Here’s another thing that Elon Musk is on the verge of disrupting: Ride-sharing.
The Tesla CEO is already shaking up the global automobile industry with his fleet of electric cars, but now he’s taking aim at ride-hailing services such as Uber and Lyft by creating his own car-sharing network—the so-called “Tesla Network.”
Elon Musk’s new autonomous car-sharing service will allow Tesla owners to make money from their electric vehicles when they are not in use.Flickr
On an Q3 earnings call on Wednesday, Musk said that future Tesla owners will be able to make money off their cars by renting them out for ride shares by using Tesla’s Autopilot feature, its famed semi-autonomous driving system.
“This would be something that would be a significant offset on the cost of ownership for a car, and a revenue generator for Tesla as well, but the majority of the revenue would go to owners,” he said, according to TechCrunch.
“This has been characterized as Tesla vs.
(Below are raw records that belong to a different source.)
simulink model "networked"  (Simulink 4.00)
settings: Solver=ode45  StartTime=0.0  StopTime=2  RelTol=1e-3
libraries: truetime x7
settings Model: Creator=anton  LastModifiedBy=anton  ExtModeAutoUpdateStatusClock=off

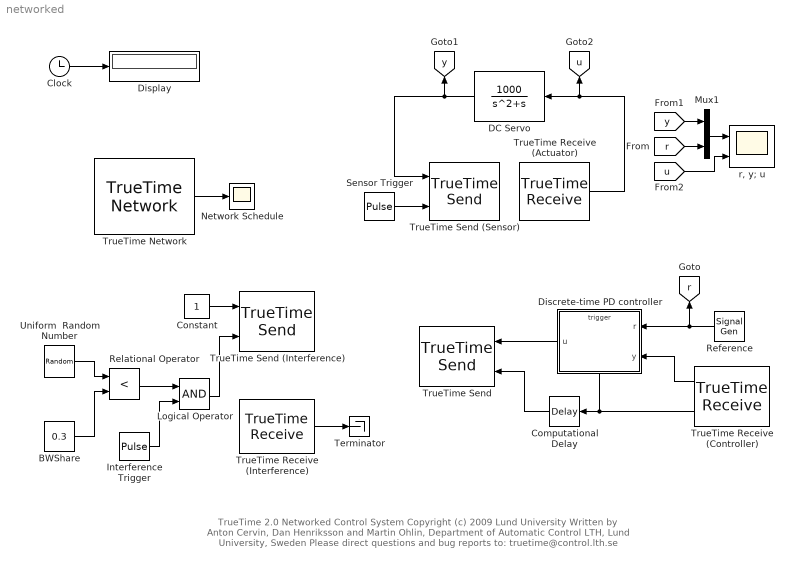
== system networked ==
  note: TrueTime 2.0  Networked Control System
      | Copyright (c) 2009 Lund University
      | Written by Anton Cervin, Dan Henriksson and Martin Ohlin,
      | Department of Automatic Control LTH, Lund University, Sweden
      | Please direct questions and bug reports to:  truetime@control.lth.se
  BWShare : Constant  Value=0.3
  Clock : Clock
      settings: DisplayTime=off  Decimation=10
  Computational Delay : TransportDelay  Orientation=left  DelayTime=0.002  InitialInput=0  BufferSize=1024  PadeOrder=0
  Constant : Constant  Value=1
  DC Servo : TransferFcn  Orientation=left  Numerator=[1000]  Denominator=[1 1 0]  AbsoluteTolerance=auto  Realization=auto
  Discrete-time PD controller : Subsystem  Orientation=left  TreatAsAtomicUnit=on  mask{K=1.0, Td=0.04, N=100, h=0.010}
      settings: RTWFcnNameOpts=Auto  RTWFileNameOpts=Auto
  Display : Display
      settings: Format=short
  Interference Trigger : DiscretePulseGenerator  PulseType=Time-based  Amplitude=1  Period=0.001  PulseWidth=50  PhaseDelay=0.006  SampleTime=1
  Logical Operator : Logic  Operator=AND  Inputs=2
  Mux1 : Mux  Inputs=2
  Network Schedule : Scope
      settings: TimeRange=2  YMin=1  YMax=3.5  SaveToWorkspace=off  SaveName=nschedule1  MaxDataPoints=5000
  Reference : SignalGenerator  Orientation=left  WaveForm=square  Amplitude=1  Frequency=1  Units=Hertz
  Relational Operator : RelationalOperator  Operator=<
  Sensor Trigger : DiscretePulseGenerator  PulseType=Time-based  Amplitude=1  Period=0.010  PulseWidth=50  PhaseDelay=0.006  SampleTime=1
  Terminator : Terminator
  TrueTime Network : truetime/TrueTime Network  AncestorBlock=truetime_MH/TrueTime Network  nwtype=CSMA/AMP (CAN)  nwnbr=1  nnodes=3  rate=80000  minsize=80  lossprob=0  seed=0  bandwidths=[0.5 0.25 0.25]  slotsize=80  schedule=[1 2 1 3]  memsize=80000  buftype=Common buffer  overflow=Retransmit  dynSchedule=0  miniSlotSize=0  NIT=0  QSortMode=FIFO  sync=0  irtSchedule=0  nrtLength=0  nodeGraph=0  scheduleoutput=on
  TrueTime Receive (Actuator) : truetime/TrueTime Receive  AncestorBlock=truetime_R12/TrueTime Receive  nwnbr=1  receiver=2  outdim=1  triggeroutput=off  senderoutput=off  lengthoutput=off  priorityoutput=off  timestampoutput=off  signalpoweroutput=off  msgIDoutput=off
  TrueTime Receive (Controller) : truetime/TrueTime Receive  Orientation=left  AncestorBlock=truetime_R12/TrueTime Receive  nwnbr=1  receiver=3  outdim=1  triggeroutput=on  senderoutput=off  lengthoutput=off  priorityoutput=off  timestampoutput=off  signalpoweroutput=off  msgIDoutput=off
  TrueTime Receive (Interference) : truetime/TrueTime Receive  AncestorBlock=truetime_R12/TrueTime Receive  nwnbr=1  receiver=1  outdim=1  triggeroutput=off  senderoutput=off  lengthoutput=off  priorityoutput=off  timestampoutput=off  signalpoweroutput=off  msgIDoutput=off
  TrueTime Send : truetime/TrueTime Send  Orientation=left  AncestorBlock=truetime_R12/TrueTime Send  trigger=either  nwnbr=1  sender=3  indim=1  recsource=internal  receiver=2  lengthsource=internal  length=80  priosource=internal  prio=3  msgIDsource=internal  msgID=0  dynamicSegment=dynamic
  TrueTime Send (Interference) : truetime/TrueTime Send  AncestorBlock=truetime_R12/TrueTime Send  trigger=rising  nwnbr=1  sender=1  indim=1  recsource=internal  receiver=1  lengthsource=internal  length=80  priosource=internal  prio=1  msgIDsource=internal  msgID=0  dynamicSegment=dynamic
  TrueTime Send (Sensor) : truetime/TrueTime Send  AncestorBlock=truetime_R12/TrueTime Send  trigger=rising  nwnbr=1  sender=2  indim=1  recsource=internal  receiver=3  lengthsource=internal  length=80  priosource=internal  prio=2  msgIDsource=internal  msgID=0  dynamicSegment=dynamic
  Uniform  Random Number : UniformRandomNumber  Minimum=0  Maximum=1  Seed=0  SampleTime=0.001
  "r, y; u" : Scope  NumInputPorts=2
      settings: TimeRange=2  YMin=-2~-3  YMax=2~3  SaveToWorkspace=off  SaveName=y  MaxDataPoints=5000
  tag scope: r=global, u=global, y=global
  wires:
  TrueTime Network/1 -> Network Schedule/1
  Mux1/1 -> "r, y; u"/1
  Clock/1 -> Display/1
  [r] -> Mux1/2
  [y] -> Mux1/1
  [u] -> "r, y; u"/2
  DC Servo/1 -> [y], TrueTime Send (Sensor)/1
  TrueTime Receive (Actuator)/1 -> DC Servo/1, [u]
  Sensor Trigger/1 -> TrueTime Send (Sensor)/2
  Constant/1 -> TrueTime Send (Interference)/1
  TrueTime Receive (Controller)/1 -> Discrete-time PD controller/2(y)
  TrueTime Receive (Controller)/2 -> Discrete-time PD controller/Trigger, Computational Delay/1
  Discrete-time PD controller/1(u) -> TrueTime Send/1
  Computational Delay/1 -> TrueTime Send/2
  Reference/1 -> Discrete-time PD controller/1(r), [r]
  TrueTime Receive (Interference)/1 -> Terminator/1
  Uniform  Random Number/1 -> Relational Operator/1
  BWShare/1 -> Relational Operator/2
  Relational Operator/1 -> Logical Operator/1
  Interference Trigger/1 -> Logical Operator/2
  Logical Operator/1 -> TrueTime Send (Interference)/2

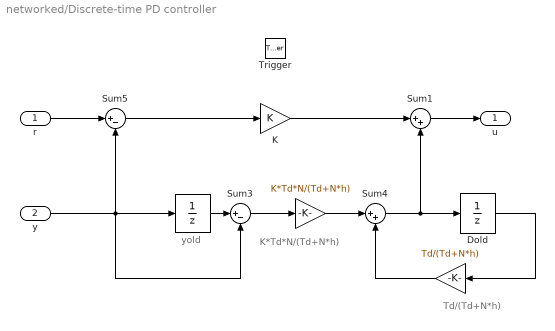
== system networked/Discrete-time PD controller ==
  note: yold
  note: Td/(Td+N*h)
  note: K*Td*N/(Td+N*h)
  r : Inport  Port=1  LatchInput=off
  y : Inport  Port=2  LatchInput=off
  Trigger : TriggerPort  TriggerType=either  OutputDataType=auto
  " " : UnitDelay  X0=0  SampleTime=-1
      settings: RTWStateStorageClass=Auto
  "             " : Gain  Gain=K*Td*N/(Td+N*h)  Multiplication=Element-wise(K.*u)  SaturateOnIntegerOverflow=on
  "              " : Gain  Orientation=left  Gain=Td/(Td+N*h)  Multiplication=Element-wise(K.*u)  SaturateOnIntegerOverflow=on
  Dold : UnitDelay  X0=0  SampleTime=-1
      settings: RTWStateStorageClass=Auto
  K : Gain  Gain=K  Multiplication=Element-wise(K.*u)  SaturateOnIntegerOverflow=on
  Sum1 : Sum  Inputs=|++  SaturateOnIntegerOverflow=on
  Sum3 : Sum  Inputs=|+-  SaturateOnIntegerOverflow=on
  Sum4 : Sum  Inputs=|++  SaturateOnIntegerOverflow=on
  Sum5 : Sum  Inputs=|+-  SaturateOnIntegerOverflow=on
  u : Outport  Port=1
  wires:
  Sum5/1 -> K/1
  "              "/1 -> Sum4/2
  " "/1 -> Sum3/1
  Sum4/1 -> Dold/1, Sum1/2
  Sum3/1 -> "             "/1
  "             "/1 -> Sum4/1
  Dold/1 -> "              "/1
  Sum1/1 -> u/1
  r/1 -> Sum5/1
  y/1 -> Sum5/2, " "/1, Sum3/2
  K/1 -> Sum1/1

Uber,” Musk added. “But it’s not Tesla versus Uber, it’s the people versus Uber.”
Musk means that Tesla owners will not be using their car’s self-driving function to give Uber or Lyft rides. Rather, Tesla owners—or “the people”—are competing directly against these companies.
Musk has seemingly confirmed the creation of the Tesla ride-sharing after retweeting TechCrunch’s writeup.
— TechCrunch (@TechCrunch) October 26, 2016
Just think, if the Tesla Network actually comes to fruition, a Tesla owner can make money by giving autonomous rides to the public while he or she is at work or on vacation. Instead of taking up space in a parking spot, the car can help ferry people from A to B.
However you feel about autonomous vehicles (here are some pros and cons) this nascent technology can be environmentally friendly.
“The key benefit of a self-driving vehicles is greater fuel efficiency,” as EcoWatch’s Dan Zukowski wrote recently. “The computer can drive better than you can. It will drive at a steady speed, will avoid jackrabbit starts and won’t exceed the speed limit. Ultimately, a preponderance of autonomous vehicles could reduce traffic congestion by communicating with each other and traveling together in a controlled caravan. Car-sharing and carpooling make for more efficient use of roadways, vehicles and infrastructure devoted to parking.”
Musk actually proposed his ride-sharing network idea back in July in his “Master Plan, Part Deux.” He wrote:
“When true self-driving is approved by regulators, it will mean that you will be able to summon your Tesla from pretty much anywhere. Once it picks you up, you will be able to sleep, read or do anything else enroute to your destination.
“You will also be able to add your car to the Tesla shared fleet just by tapping a button on the Tesla phone app and have it generate income for you while you’re at work or on vacation, significantly offsetting and at times potentially exceeding the monthly loan or lease cost. This dramatically lowers the true cost of ownership to the point where almost anyone could own a Tesla. Since most cars are only in use by their owner for 5% to 10% of the day, the fundamental economic utility of a true self-driving car is likely to be several times that of a car which is not.
“In cities where demand exceeds the supply of customer-owned cars, Tesla will operate its own fleet, ensuring you can always hail a ride from us no matter where you are.”
Also on yesterday’s earnings call, Tesla Motors reported its first quarterly net profit in more than three years. According to Fortune, Tesla posted a net income of $21.9 million and total revenue more than doubled to $2.30 billion.
“Record deliveries helped to offset rising expenses related to next year’s roll-out of the company’s mass-market Model 3 sedan,” Forbes wrote.
Musk said the company could turn a profit again in the fourth quarter. Reuters noted that Tesla’s positive earnings report should calm skeptics who have criticized the automaker’s plans to acquire solar panel sister company SolarCity.